VQRAE: Representation Quantization Autoencoders for Multimodal Understanding, Generation and Reconstruction
VQRAE introduces a unified visual tokenizer that can simultaneously support high-level multimodal understanding and discrete-token image generation. Building on a pretrained vision encoder and a high-dimensional semantic VQ codebook, it yields continuous semantic features for reasoning and discrete tokens for reconstruction, showing that quantizing semantic encoders with large codebooks can preserve both meaning and detail.
Omni-Attribute: Open-vocabulary Attribute Encoder for Visual Concept Personalization
Omni-Attribute is an open-vocabulary attribute encoder that learns to isolate specific visual factors—like style, lighting, or expression—rather than entangling everything into a single holistic embedding. Using curated positive/negative pairs and a dual generative/contrastive objective, it produces attribute-specific embeddings that are better for retrieval, personalization, and compositional image generation.
DuetSVG: Unified Multimodal SVG Generation with Internal Visual Guidance
DuetSVG proposes a unified multimodal model that generates both raster images and SVG code jointly, using the image stream to guide SVG token decoding. By letting the model "see" what it’s drawing during generation, it produces vector graphics that are more visually faithful, semantically correct, and syntactically clean than text-only SVG generators.
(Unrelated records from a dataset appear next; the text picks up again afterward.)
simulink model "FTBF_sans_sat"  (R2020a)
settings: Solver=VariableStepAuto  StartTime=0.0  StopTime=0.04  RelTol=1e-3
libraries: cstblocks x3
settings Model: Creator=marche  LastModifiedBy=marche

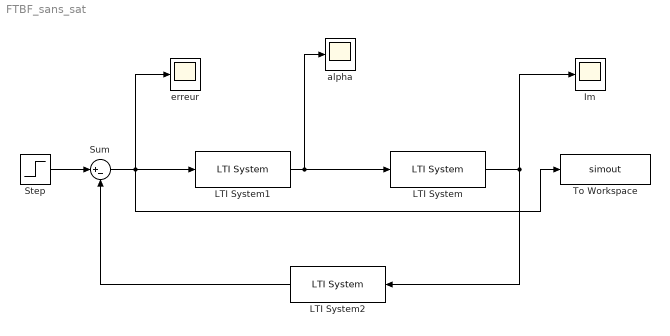
== system FTBF_sans_sat ==
  Im : Scope
  LTI System : cstblocks/LTI System  sys=num  IC=[]
  LTI System1 : cstblocks/LTI System  sys=C  IC=[]
  LTI System2 : cstblocks/LTI System  sys=denum  IC=[]
  Step : Step  Time=0  After=1.65  SampleTime=0
  Sum : Sum  Inputs=|+-
  To Workspace : ToWorkspace  VariableName=simout  SaveFormat=Timeseries  SampleTime=-1
  alpha : Scope
  erreur : Scope
  wires:
  Step/1 -> Sum/1
  Sum/1 -> To Workspace/1, erreur/1, LTI System1/1
  LTI System1/1 -> LTI System/1, alpha/1
  LTI System/1 -> LTI System2/1, Im/1
  LTI System2/1 -> Sum/2

Tool-Augmented Spatiotemporal Reasoning for Streamlining Video Question Answering Task
The authors augment multimodal LLMs with a "Video Toolkit" and a STAR (Spatiotemporal Reasoning) framework that orchestrates calls to temporal and spatial tools for video question answering. Instead of treating the video as a black-box embedding, the model actively localizes key regions over time using tools, yielding sizable gains on VideoMME and LongVideoBench when wrapped around GPT-4o.
ReViSE: Towards Reason-Informed Video Editing in Unified Models with Self-Reflective Learning
ReViSE defines a new Reason-Informed Video Editing task and benchmark, then introduces a unified video model that edits while continuously self-evaluating its own reasoning. A built-in VLM judges whether the edited video logically satisfies the instruction, providing self-reflective feedback that tightens the link between "understanding" and actual visual edits.